__AIM OF THE EXERCISE__.
Nothing but the lines from the one containing "from mathutils import" through the one containing "cam_camera.ortho_scale = 7.314", both included, should be given again, each exactly as written below.

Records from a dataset
——
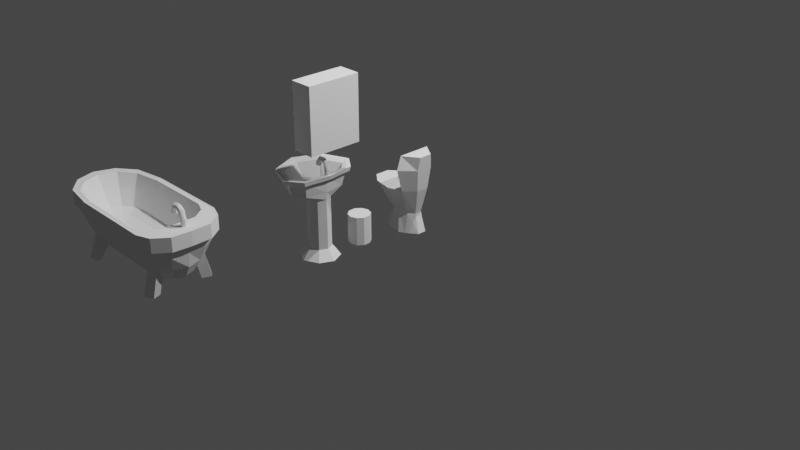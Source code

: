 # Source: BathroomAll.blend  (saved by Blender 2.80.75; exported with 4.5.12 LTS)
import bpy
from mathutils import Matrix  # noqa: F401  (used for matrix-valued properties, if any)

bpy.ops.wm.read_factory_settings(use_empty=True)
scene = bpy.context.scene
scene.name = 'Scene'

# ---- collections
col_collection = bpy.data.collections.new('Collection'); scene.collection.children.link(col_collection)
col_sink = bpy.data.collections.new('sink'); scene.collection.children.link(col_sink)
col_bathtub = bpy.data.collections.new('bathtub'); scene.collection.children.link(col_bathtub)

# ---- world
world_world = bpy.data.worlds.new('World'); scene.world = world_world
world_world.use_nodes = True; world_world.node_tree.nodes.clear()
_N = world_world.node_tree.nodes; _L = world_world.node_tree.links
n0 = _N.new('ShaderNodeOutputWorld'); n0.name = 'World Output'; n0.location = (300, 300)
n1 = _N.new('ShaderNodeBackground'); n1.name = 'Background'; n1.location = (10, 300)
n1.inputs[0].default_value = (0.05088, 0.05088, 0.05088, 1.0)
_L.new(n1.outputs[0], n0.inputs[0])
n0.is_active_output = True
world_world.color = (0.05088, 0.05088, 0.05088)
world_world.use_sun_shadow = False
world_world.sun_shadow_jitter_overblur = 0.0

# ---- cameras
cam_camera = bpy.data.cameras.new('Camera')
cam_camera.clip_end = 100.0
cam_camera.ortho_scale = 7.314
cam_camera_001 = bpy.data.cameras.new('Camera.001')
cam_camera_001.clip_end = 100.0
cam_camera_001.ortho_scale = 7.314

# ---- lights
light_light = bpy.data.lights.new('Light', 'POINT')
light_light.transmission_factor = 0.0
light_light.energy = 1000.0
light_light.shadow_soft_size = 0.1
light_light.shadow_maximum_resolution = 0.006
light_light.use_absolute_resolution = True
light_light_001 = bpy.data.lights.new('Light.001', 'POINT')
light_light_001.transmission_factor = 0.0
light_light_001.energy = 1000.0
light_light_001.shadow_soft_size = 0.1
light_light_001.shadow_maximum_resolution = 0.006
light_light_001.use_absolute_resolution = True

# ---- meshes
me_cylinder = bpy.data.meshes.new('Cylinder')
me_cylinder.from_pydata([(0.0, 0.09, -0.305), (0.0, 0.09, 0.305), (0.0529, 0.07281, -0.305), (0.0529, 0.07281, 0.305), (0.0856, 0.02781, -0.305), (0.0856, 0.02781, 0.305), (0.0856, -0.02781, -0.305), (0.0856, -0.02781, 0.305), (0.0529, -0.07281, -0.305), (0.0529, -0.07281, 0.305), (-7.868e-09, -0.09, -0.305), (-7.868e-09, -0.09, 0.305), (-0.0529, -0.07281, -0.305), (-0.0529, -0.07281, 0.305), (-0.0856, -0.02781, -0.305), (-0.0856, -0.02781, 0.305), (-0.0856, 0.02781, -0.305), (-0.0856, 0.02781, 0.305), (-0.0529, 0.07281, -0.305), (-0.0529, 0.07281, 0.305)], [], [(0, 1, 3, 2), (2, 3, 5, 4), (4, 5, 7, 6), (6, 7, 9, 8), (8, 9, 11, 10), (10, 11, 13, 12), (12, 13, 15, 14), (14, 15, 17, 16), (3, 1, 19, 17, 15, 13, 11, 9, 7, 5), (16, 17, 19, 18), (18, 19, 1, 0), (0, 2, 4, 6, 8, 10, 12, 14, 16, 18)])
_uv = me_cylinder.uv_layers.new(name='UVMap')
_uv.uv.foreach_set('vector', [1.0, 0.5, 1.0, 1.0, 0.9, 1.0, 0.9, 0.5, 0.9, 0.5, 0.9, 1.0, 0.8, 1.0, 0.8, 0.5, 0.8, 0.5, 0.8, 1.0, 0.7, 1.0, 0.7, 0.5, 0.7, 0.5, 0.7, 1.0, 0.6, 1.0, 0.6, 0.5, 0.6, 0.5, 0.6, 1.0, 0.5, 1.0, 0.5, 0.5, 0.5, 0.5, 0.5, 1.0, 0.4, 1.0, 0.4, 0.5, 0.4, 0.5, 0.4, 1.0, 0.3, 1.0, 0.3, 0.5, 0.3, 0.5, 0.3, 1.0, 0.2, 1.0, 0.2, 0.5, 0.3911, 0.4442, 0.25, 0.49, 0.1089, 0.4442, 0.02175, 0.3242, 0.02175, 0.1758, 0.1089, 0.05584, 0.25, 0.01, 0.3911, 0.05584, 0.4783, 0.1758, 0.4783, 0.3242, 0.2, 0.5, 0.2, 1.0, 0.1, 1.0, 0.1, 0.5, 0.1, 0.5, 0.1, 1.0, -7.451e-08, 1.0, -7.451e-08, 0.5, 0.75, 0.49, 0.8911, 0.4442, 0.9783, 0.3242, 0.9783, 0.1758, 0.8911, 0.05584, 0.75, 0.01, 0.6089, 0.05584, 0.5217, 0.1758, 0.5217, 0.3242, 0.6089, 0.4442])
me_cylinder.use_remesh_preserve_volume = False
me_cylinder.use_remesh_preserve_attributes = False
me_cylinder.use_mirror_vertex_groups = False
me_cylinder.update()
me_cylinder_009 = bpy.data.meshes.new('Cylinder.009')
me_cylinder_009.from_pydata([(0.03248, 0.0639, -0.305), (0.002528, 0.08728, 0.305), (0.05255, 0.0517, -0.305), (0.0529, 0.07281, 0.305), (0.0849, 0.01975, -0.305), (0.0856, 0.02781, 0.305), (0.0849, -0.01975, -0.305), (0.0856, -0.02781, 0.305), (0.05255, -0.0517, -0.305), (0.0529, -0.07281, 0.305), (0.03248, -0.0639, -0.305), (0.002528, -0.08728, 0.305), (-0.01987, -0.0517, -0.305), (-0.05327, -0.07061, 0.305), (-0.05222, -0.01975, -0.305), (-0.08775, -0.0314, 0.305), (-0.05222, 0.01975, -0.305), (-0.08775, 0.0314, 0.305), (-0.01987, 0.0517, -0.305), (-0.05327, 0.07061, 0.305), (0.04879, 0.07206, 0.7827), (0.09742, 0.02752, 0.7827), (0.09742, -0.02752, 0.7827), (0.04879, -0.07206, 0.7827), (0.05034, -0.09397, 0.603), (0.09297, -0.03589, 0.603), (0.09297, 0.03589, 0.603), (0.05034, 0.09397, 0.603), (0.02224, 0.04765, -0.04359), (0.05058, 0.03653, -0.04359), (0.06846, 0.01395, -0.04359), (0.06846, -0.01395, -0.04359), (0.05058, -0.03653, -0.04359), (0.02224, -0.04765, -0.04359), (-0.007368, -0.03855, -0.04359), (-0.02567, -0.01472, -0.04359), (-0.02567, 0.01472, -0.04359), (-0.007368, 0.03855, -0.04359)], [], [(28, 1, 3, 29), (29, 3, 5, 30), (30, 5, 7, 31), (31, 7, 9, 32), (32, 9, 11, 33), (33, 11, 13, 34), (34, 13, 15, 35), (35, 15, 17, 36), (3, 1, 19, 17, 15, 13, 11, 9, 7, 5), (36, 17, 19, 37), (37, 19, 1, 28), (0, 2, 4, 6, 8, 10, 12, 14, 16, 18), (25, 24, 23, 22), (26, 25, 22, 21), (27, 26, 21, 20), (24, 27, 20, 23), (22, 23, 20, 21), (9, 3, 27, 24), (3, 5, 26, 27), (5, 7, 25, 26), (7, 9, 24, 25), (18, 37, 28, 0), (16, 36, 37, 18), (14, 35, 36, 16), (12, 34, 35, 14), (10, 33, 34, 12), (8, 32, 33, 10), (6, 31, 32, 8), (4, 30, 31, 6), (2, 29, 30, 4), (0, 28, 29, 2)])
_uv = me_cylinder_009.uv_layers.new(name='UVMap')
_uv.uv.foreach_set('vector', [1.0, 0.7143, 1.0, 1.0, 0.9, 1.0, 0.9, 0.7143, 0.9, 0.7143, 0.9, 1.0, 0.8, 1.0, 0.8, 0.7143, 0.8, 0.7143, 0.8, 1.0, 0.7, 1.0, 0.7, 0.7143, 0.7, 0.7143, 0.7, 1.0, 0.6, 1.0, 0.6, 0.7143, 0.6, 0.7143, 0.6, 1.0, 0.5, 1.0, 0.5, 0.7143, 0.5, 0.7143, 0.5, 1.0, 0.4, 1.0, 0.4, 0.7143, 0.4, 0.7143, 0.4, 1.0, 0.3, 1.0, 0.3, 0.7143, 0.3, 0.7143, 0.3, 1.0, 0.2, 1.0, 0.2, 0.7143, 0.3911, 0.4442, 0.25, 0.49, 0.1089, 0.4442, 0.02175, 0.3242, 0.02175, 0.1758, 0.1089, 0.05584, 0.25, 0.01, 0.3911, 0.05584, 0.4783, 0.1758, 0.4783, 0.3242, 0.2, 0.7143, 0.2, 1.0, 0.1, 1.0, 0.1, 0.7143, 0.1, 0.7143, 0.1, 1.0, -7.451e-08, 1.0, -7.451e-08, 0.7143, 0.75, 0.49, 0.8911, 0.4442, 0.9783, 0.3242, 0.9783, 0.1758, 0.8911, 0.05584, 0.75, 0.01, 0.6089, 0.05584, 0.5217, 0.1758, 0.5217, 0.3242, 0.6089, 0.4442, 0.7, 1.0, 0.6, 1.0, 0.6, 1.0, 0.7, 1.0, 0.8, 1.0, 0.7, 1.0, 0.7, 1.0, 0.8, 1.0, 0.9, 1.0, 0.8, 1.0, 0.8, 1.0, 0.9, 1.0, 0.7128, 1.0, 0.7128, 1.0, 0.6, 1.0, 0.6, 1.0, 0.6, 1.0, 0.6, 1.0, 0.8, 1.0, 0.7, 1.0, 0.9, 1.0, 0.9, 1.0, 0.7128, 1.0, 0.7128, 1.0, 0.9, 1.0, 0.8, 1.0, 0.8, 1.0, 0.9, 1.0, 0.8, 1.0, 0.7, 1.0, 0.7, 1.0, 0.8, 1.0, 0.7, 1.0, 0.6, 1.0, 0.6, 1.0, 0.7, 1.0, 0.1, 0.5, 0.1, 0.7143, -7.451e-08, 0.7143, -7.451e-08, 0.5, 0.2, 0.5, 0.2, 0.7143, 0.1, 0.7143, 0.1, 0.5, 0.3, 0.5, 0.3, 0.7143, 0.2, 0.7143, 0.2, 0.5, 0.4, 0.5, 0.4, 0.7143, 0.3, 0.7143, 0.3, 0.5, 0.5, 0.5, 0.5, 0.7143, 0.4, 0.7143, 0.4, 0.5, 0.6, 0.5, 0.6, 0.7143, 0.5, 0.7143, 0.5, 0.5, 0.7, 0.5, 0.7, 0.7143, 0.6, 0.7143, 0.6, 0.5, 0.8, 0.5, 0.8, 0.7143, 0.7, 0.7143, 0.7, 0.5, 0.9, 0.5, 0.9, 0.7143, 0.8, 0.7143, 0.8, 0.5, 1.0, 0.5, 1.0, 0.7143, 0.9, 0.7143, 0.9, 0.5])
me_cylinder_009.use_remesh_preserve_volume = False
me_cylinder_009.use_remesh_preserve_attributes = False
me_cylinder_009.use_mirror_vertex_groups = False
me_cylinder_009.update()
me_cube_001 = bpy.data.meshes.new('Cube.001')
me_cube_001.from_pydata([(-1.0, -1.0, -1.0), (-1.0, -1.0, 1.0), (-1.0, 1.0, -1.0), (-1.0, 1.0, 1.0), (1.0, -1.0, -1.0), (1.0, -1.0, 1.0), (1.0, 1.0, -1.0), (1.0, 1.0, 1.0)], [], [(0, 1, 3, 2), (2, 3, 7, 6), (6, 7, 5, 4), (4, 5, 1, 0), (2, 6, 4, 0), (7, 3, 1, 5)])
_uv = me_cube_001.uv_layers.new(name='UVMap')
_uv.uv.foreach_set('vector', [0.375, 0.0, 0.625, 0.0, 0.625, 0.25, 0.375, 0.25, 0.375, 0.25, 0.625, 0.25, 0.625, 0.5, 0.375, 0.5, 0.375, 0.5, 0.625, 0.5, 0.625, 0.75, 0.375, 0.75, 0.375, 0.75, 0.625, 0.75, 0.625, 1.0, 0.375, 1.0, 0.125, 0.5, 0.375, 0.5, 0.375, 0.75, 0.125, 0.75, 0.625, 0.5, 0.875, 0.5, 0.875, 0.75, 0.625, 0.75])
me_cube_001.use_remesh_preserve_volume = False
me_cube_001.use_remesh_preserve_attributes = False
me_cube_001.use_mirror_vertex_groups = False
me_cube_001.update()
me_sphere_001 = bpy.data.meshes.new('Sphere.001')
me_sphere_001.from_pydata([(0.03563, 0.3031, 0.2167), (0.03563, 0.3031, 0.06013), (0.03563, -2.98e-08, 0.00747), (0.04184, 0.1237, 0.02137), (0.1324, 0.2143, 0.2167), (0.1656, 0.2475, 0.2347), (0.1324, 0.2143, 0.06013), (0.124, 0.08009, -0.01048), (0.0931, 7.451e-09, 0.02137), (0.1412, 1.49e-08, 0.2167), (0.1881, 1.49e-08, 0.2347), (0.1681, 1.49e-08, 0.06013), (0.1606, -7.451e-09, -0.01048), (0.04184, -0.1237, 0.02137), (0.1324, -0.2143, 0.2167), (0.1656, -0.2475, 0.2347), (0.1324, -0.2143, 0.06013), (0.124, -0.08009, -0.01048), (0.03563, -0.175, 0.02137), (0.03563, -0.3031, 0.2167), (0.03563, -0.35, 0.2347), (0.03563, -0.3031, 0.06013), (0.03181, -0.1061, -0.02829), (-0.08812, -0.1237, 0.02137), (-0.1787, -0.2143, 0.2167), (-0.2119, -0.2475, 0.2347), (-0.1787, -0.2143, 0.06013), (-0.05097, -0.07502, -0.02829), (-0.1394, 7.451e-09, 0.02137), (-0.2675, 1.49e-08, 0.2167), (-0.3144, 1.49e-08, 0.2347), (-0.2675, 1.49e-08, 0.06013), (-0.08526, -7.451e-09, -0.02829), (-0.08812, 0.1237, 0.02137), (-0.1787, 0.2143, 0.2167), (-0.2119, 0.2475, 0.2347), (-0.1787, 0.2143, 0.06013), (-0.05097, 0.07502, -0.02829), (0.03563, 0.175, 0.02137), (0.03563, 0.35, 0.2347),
——
__RESULT__.
from mathutils import Matrix  # noqa: F401  (used for matrix-valued properties, if any)

bpy.ops.wm.read_factory_settings(use_empty=True)
scene = bpy.context.scene
scene.name = 'Scene'

# ---- collections
col_collection = bpy.data.collections.new('Collection'); scene.collection.children.link(col_collection)
col_sink = bpy.data.collections.new('sink'); scene.collection.children.link(col_sink)
col_bathtub = bpy.data.collections.new('bathtub'); scene.collection.children.link(col_bathtub)

# ---- world
world_world = bpy.data.worlds.new('World'); scene.world = world_world
world_world.use_nodes = True; world_world.node_tree.nodes.clear()
_N = world_world.node_tree.nodes; _L = world_world.node_tree.links
n0 = _N.new('ShaderNodeOutputWorld'); n0.name = 'World Output'; n0.location = (300, 300)
n1 = _N.new('ShaderNodeBackground'); n1.name = 'Background'; n1.location = (10, 300)
n1.inputs[0].default_value = (0.05088, 0.05088, 0.05088, 1.0)
_L.new(n1.outputs[0], n0.inputs[0])
n0.is_active_output = True
world_world.color = (0.05088, 0.05088, 0.05088)
world_world.use_sun_shadow = False
world_world.sun_shadow_jitter_overblur = 0.0

# ---- cameras
cam_camera = bpy.data.cameras.new('Camera')
cam_camera.clip_end = 100.0
cam_camera.ortho_scale = 7.314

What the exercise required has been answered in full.